Summary of Historical Data Related to PRO Impairment in Patients With CH-C
The early pioneers of PRO work during this treatment period of time determined that patients reported a significant decrease in their HRQOL even prior to the treatment. One of the initial studies of HRQOL in CH-C reported that five of the eight domains of the SF-36 (RP, GH and SF) were significantly impaired before anti-HCV therapy even began.[103] However, even more significant was that the investigators found patient scores fell even further during treatment. The vitality parameter of the SF-36 was identified as the area most affected. Following further studies, researchers have deemed vitality as the most comprehensive well-being measure for a patient who suffers from HCV (Table 2).[64,84,87]
Other studies have investigated the impact of IFN/RBV induced anaemia and depression on HRQOL.[11,12,17,38,48,58,59] In one such study, investigators found that treatment-induced depression which increased for the first 20 weeks of treatment as well as the presence of anaemia both negatively affected HRQOL scores. From the results of their multivariate analysis, the researchers found that the impact of depression on a patient's HRQOL was so strong that many variables that were initially found to be significant were no longer significant once depression was introduced into the multivariate model. Therefore, the authors concluded that treatment for depression and anaemia must be addressed carefully when treating patients with PEG/INF.[58]
There have also been a number of studies investigating the impact of IFN/RBV therapy on health utilities. In one such study, investigators used several measures of health utilities (HUI2, HUI3, SF-6D and Time trade off) to assess patients' preferences. After adjusting for known confounders (age, sex, ethnicity, marital status, comorbidity and severity of impairment), the main utility outcome of HUI-3 (levels of functioning on vision, hearing, speech, ambulation, dexterity, emotion, cognition and pain) was effected by viral factors not by the host factors.[38] Using the same measurement tools, other investigators determined that CH-C patients who had developed sustained viral clearance had the highest utility scores while those with late advanced stage liver disease (cirrhosis and liver cancer) had the lowest utility scores.[121] In contrast, these investigators found that host factors such as age, lower income, unattached marital status and high comorbidity were strongly associated with impairment in health utilities.[121]
Despite the significant reduction in patient's HRQOL and worker productivity during IFN/RBV treatment, PRO scores and worker productivity both improved after treatment discontinuation. Furthermore, those who achieved SVR, had further improvement of their HRQOL, health utility scores and worker productivity.[55,74–76,44,113–116,63,117–120]

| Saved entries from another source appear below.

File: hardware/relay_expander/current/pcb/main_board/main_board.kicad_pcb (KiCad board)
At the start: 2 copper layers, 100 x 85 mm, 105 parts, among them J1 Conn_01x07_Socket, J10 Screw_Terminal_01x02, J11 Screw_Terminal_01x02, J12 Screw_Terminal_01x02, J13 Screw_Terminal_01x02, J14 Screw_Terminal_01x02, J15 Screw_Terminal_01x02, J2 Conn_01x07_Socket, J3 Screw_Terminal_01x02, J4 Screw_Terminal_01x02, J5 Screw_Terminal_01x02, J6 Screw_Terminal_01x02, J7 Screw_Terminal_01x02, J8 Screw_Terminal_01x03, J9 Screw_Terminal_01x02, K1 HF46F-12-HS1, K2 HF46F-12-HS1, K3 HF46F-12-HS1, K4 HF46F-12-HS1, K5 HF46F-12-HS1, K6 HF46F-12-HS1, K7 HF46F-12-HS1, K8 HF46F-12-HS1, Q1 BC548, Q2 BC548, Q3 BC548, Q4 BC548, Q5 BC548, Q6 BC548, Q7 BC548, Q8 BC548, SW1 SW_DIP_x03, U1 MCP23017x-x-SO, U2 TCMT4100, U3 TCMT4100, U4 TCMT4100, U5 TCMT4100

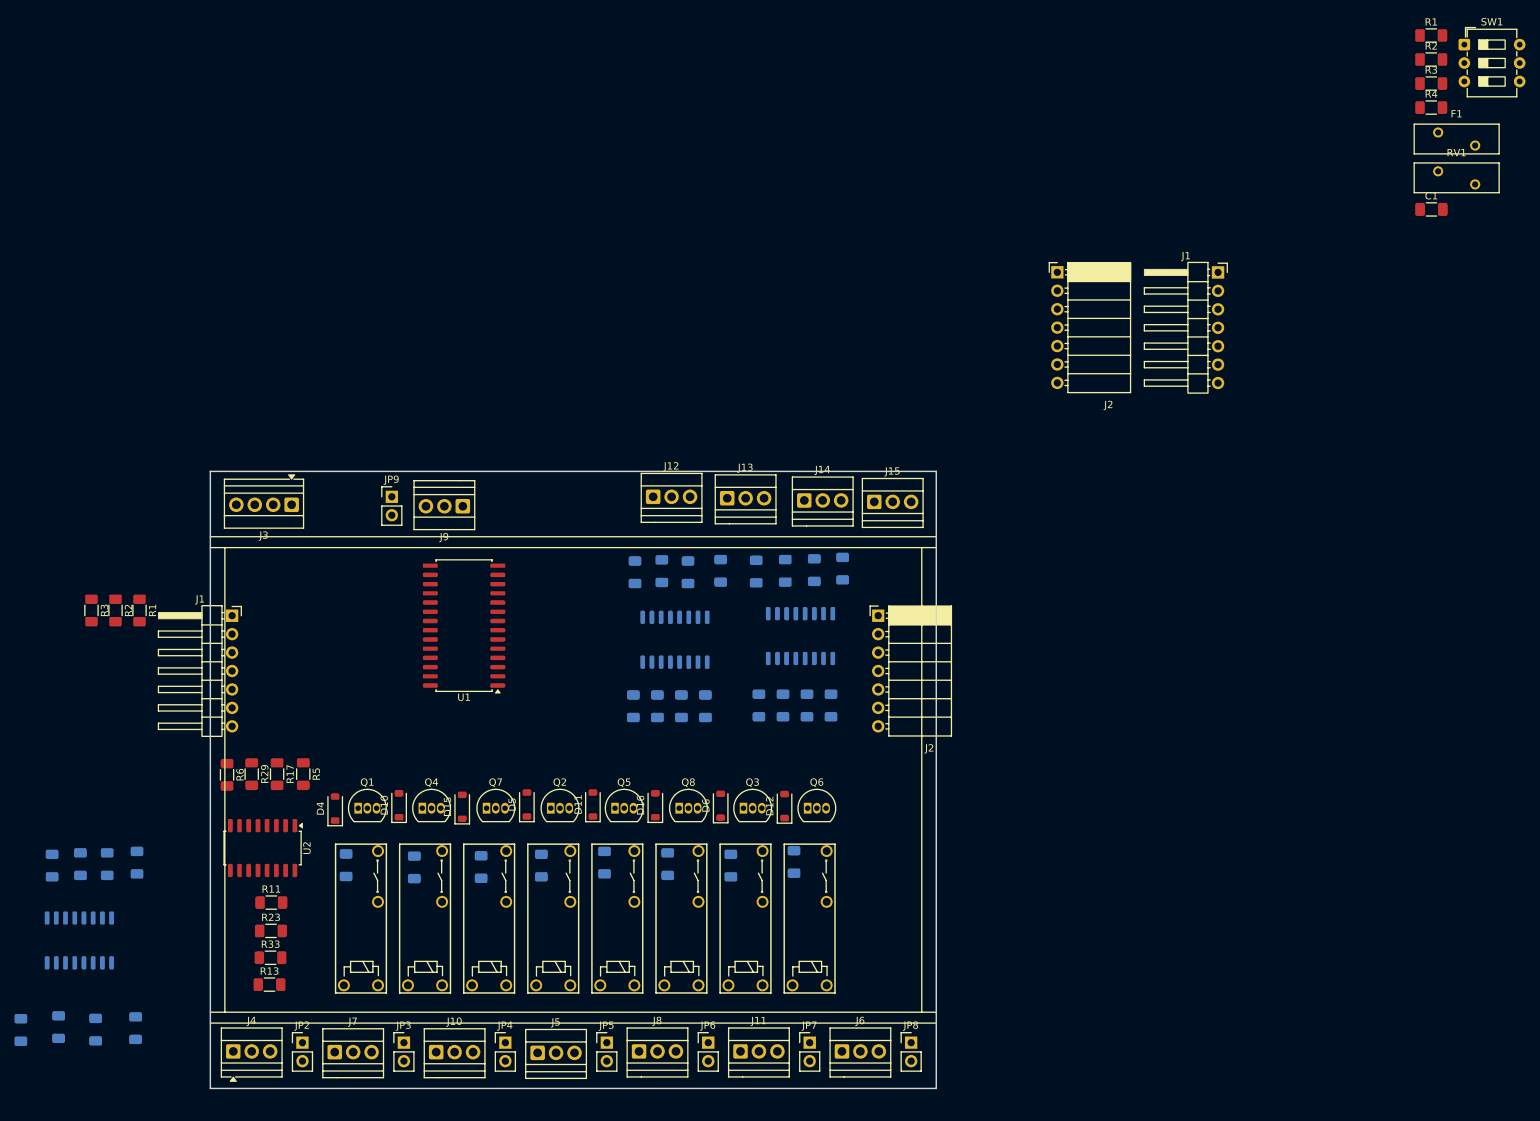
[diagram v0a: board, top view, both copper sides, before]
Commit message: [ADD] ui-board for relay - basic layout
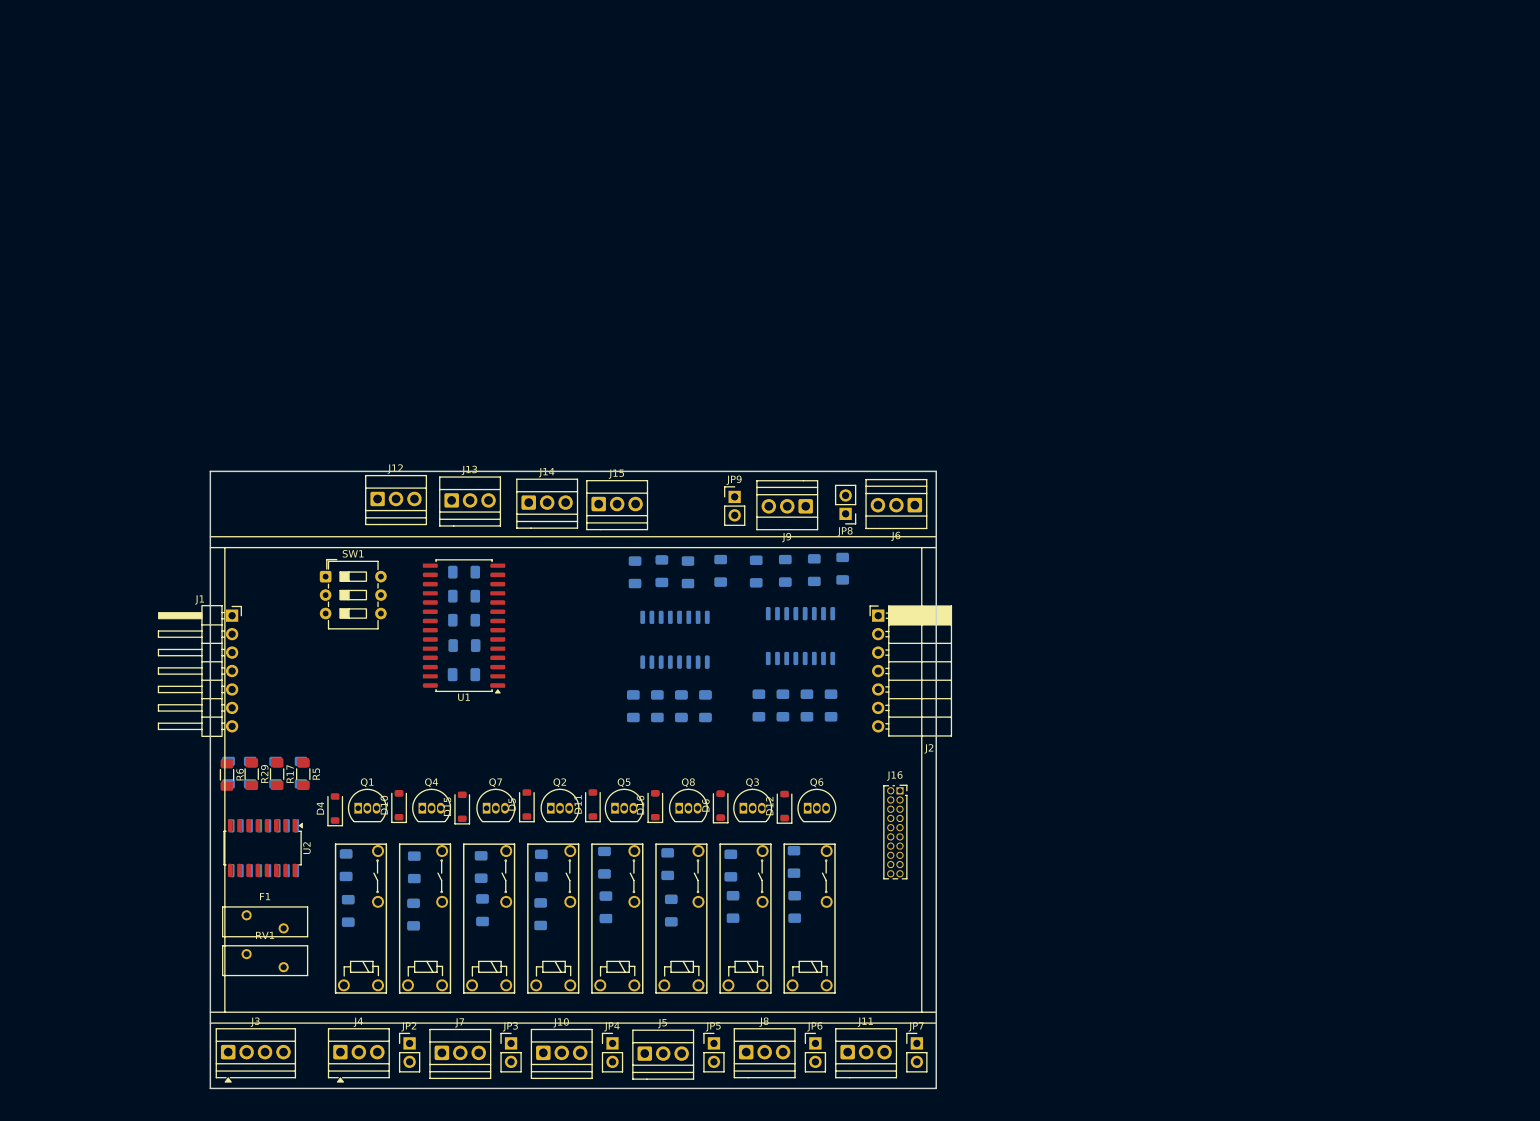
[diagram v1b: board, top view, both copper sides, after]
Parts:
- removed the J1 at (223.8, 32.7)
- removed the J2 at (201.7, 32.7)
- removed the R1 at (75.2, 71.7)
- removed the R1 at (253.2, -7.54)
- removed the R2 at (253.2, -4.24)
- removed the R2 at (71.9, 71.7)
- removed the R3 at (68.6, 71.7)
- removed the R3 at (253.2, -0.93)
- added J16: Conn_01x20_Socket, Connector_PinSocket_1.27mm:PinSocket_2x10_P1.27mm_Vertical, F.Cu at (180.0, 96.5)
- added R1: 10k, Resistor_SMD:R_1206_3216Metric_Pad1.30x1.75mm_HandSolder, B.Cu at (120.0, 76.5)
- added R2: 10k, Resistor_SMD:R_1206_3216Metric_Pad1.30x1.75mm_HandSolder, B.Cu at (120.0, 66.4)
- added R3: 10k, Resistor_SMD:R_1206_3216Metric_Pad1.30x1.75mm_HandSolder, B.Cu at (120.0, 69.7)
- C1, R11, R13, R23, R33, R4: moved to B.Cu
- moved F1 196.4 mm to (90.0, 113.7)
- moved RV1 196.4 mm to (90.0, 119.0)
- moved SW1 173.1 mm to (100.9, 67.0)
- moved R4 150.8 mm to (120.0, 73.0), turned to 180 degrees
- moved C1 147.9 mm to (119.9, 80.5), turned to 180 degrees
- moved R27 92.3 mm to (165.5, 112.5), turned to 90 degrees
- moved R25 91.1 mm to (148.5, 113.0), turned to 90 degrees
- moved R15 89.4 mm to (157.0, 112.5), turned to 90 degrees
- moved R35 77.2 mm to (139.5, 112.5), turned to 90 degrees
- moved J6 75.9 mm to (182.0, 57.1), turned to 180 degrees
- moved J3 75.9 mm to (87.5, 132.5), turned to 0 degrees
- moved JP8 73.4 mm to (172.5, 58.4), turned to 180 degrees
- moved J9 47.2 mm to (167.0, 57.3)
- moved JP9 47.2 mm to (157.2, 56.0)
- moved R13 38.6 mm to (130.5, 113.5), turned to 90 degrees
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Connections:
- net Net-(D1-K) renamed /Relays/LED_RELAY_1
- net Net-(D10-A) renamed /Relays/LED_RELAY_2
- net Net-(D11-A) renamed /Relays/LED_RELAY_5
- net Net-(D12-A) renamed /Relays/LED_RELAY_8
- net Net-(D13-K) renamed /Relays/LED_RELAY_3
- net Net-(D14-K) renamed /Relays/LED_RELAY_6
- net Net-(D2-K) renamed /Relays/LED_RELAY_4
- net Net-(D3-K) renamed /Relays/LED_RELAY_7
- J14 pad 3: GND_2 -> +12V

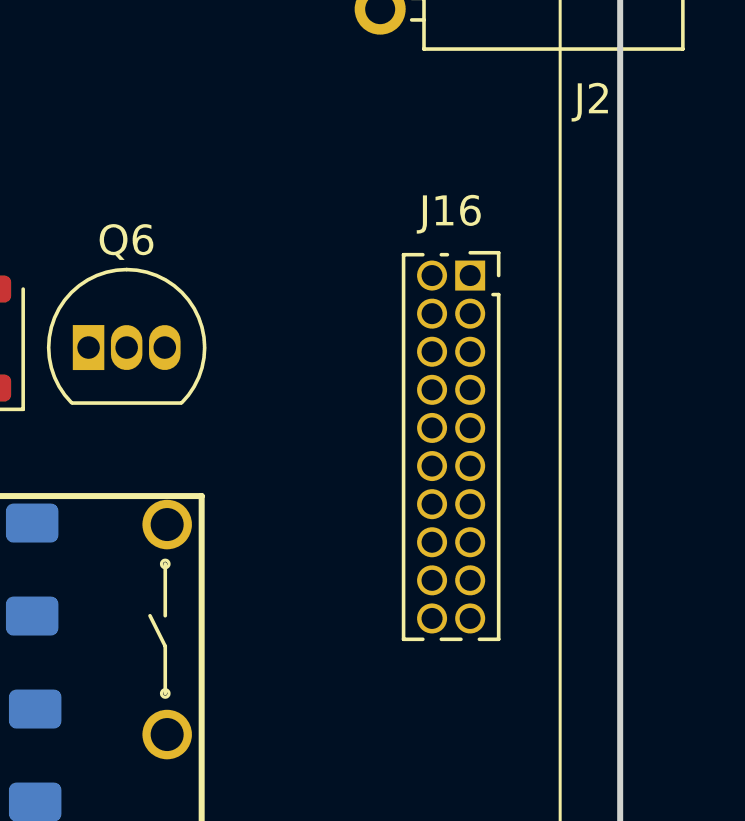
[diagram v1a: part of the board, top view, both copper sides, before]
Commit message: [FIX] problem with connector to expander board
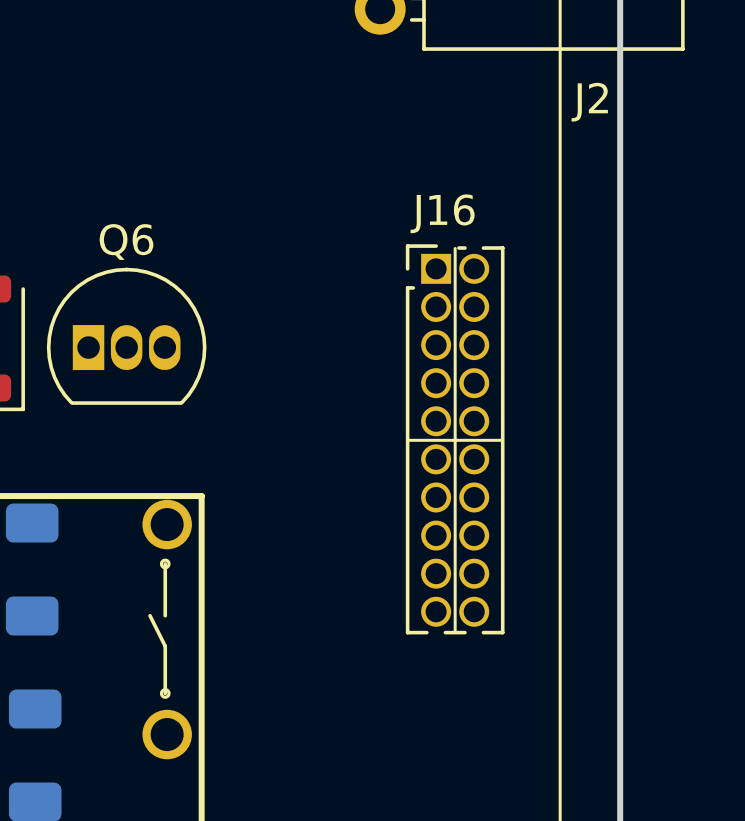
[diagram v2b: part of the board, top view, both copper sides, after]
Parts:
- J16: footprint Connector_PinSocket_1.27mm:PinSocket_2x10_P1.27mm_Vertical -> homeautomation_core:PinSocket_2x10_P1.27mm_Vertical
- moved J16 5.52 mm to (179.5, 102.0)

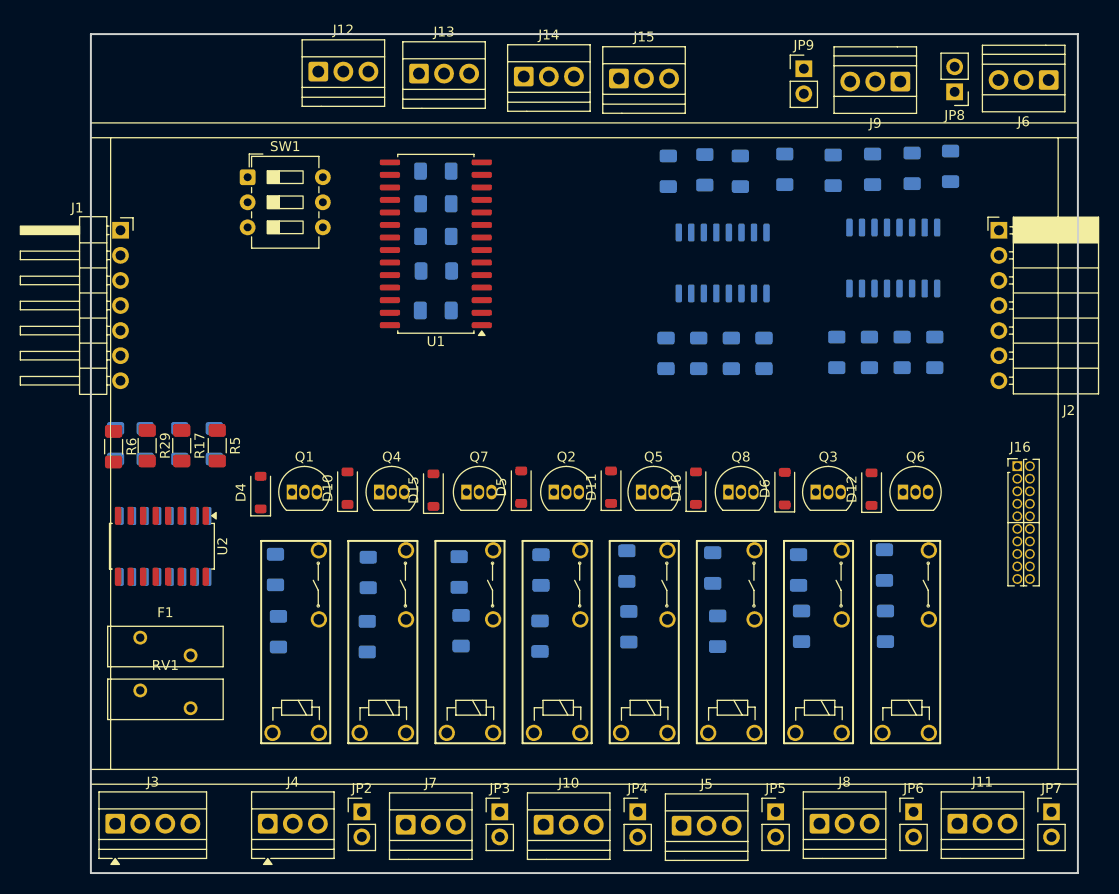
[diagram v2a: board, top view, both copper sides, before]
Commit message: [ADD] board connector
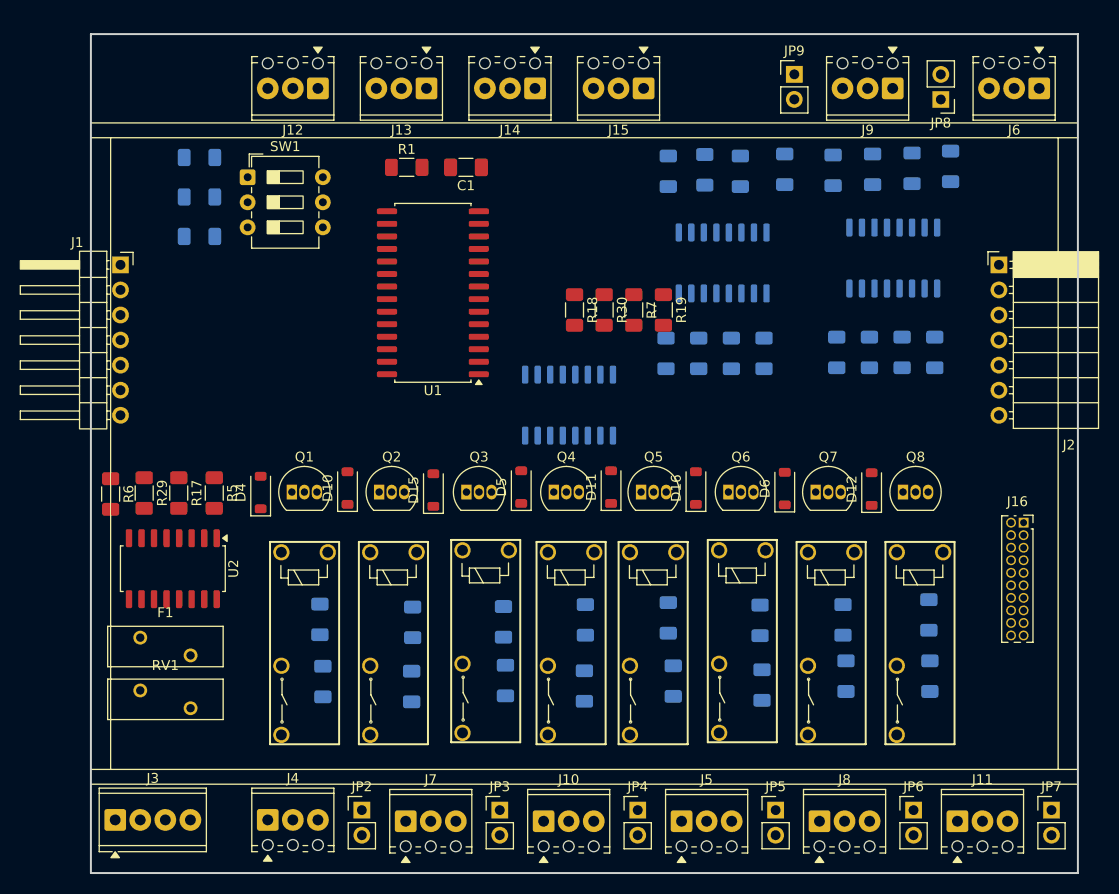
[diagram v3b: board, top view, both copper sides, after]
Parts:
- C1, R1, R18, R19, R30, R7: moved to F.Cu
- J10, J11, J12, J13, J14, J15, J5, J6, J7, J8, J9: footprint footprints:Terminal_block_1x3_2,54 -> TerminalBlock_Phoenix:TerminalBlock_Phoenix_MPT-0,5-3-2.54_1x03_P2.54mm_Horizontal
- J16: footprint homeautomation_core:PinSocket_2x10_P1.27mm_Vertical -> Connector_PinSocket_1.27mm:PinSocket_2x10_P1.27mm_Vertical
- J3: footprint TerminalBlock:TerminalBlock_Xinya_XY308-2.54-4P_1x04_P2.54mm_Horizontal -> TerminalBlock_Phoenix:TerminalBlock_Phoenix_MPT-0,5-4-2.54_1x04_P2.54mm_Horizontal
- J4: footprint TerminalBlock:TerminalBlock_Xinya_XY308-2.54-3P_1x03_P2.54mm_Horizontal -> TerminalBlock_Phoenix:TerminalBlock_Phoenix_MPT-0,5-3-2.54_1x03_P2.54mm_Horizontal
- moved R18 48.4 mm to (134.0, 80.5)
- moved R30 48.4 mm to (137.0, 80.5)
- moved R7 48.0 mm to (140.0, 80.5)
- moved R19 47.5 mm to (143.0, 80.5)
- moved K7 45.2 mm to (162.3, 105.0), turned to -90 degrees
- moved U3 43.4 mm to (133.4, 90.1)
- moved K3 34.4 mm to (127.3, 104.8), turned to -90 degrees
- moved K8 30.0 mm to (171.3, 105.0), turned to -90 degrees
- moved K4 30.0 mm to (136.0, 105.0), turned to -90 degrees
- moved R2 24.0 mm to (96.0, 65.0), turned to 0 degrees
- moved R3 24.0 mm to (96.0, 69.0), turned to 0 degrees
- moved R4 24.0 mm to (96.0, 73.0), turned to 0 degrees
- moved K6 22.0 mm to (153.3, 104.8), turned to -90 degrees
- moved K2 21.8 mm to (118.0, 105.0), turned to -90 degrees
- moved K5 19.1 mm to (144.3, 105.0), turned to -90 degrees
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- renumbered K4 to K2, K7 to K3, K2 to K4, K8 to K6, K3 to K7, K6 to K8, Q4 to Q2, Q7 to Q3, Q2 to Q4, Q8 to Q6, Q3 to Q7, Q6 to Q8

The Impact of HIV/HCV Co-infection on Pros
Another important aspect of the new regimens is the tremendous gains for HIV/HCV co-infected patients. Clinical trials, PHOTON 1 and 2, studied the impact of HIV/HCV co-infection on PROs, and their tolerance of SOF + RBV. When comparing cohorts from PHOTON 1 and 2 to the appropriate mono-infected controls (FUSION and VALENCE), results indicated that HIV/HCV co-infected patients have more impairment of PROs prior to initiation of treatment. Nevertheless, during treatment with SOF + RBV, co-infected patients tolerated these regimens in a fashion similar to mono-infected patients without any additional PRO burden.[112]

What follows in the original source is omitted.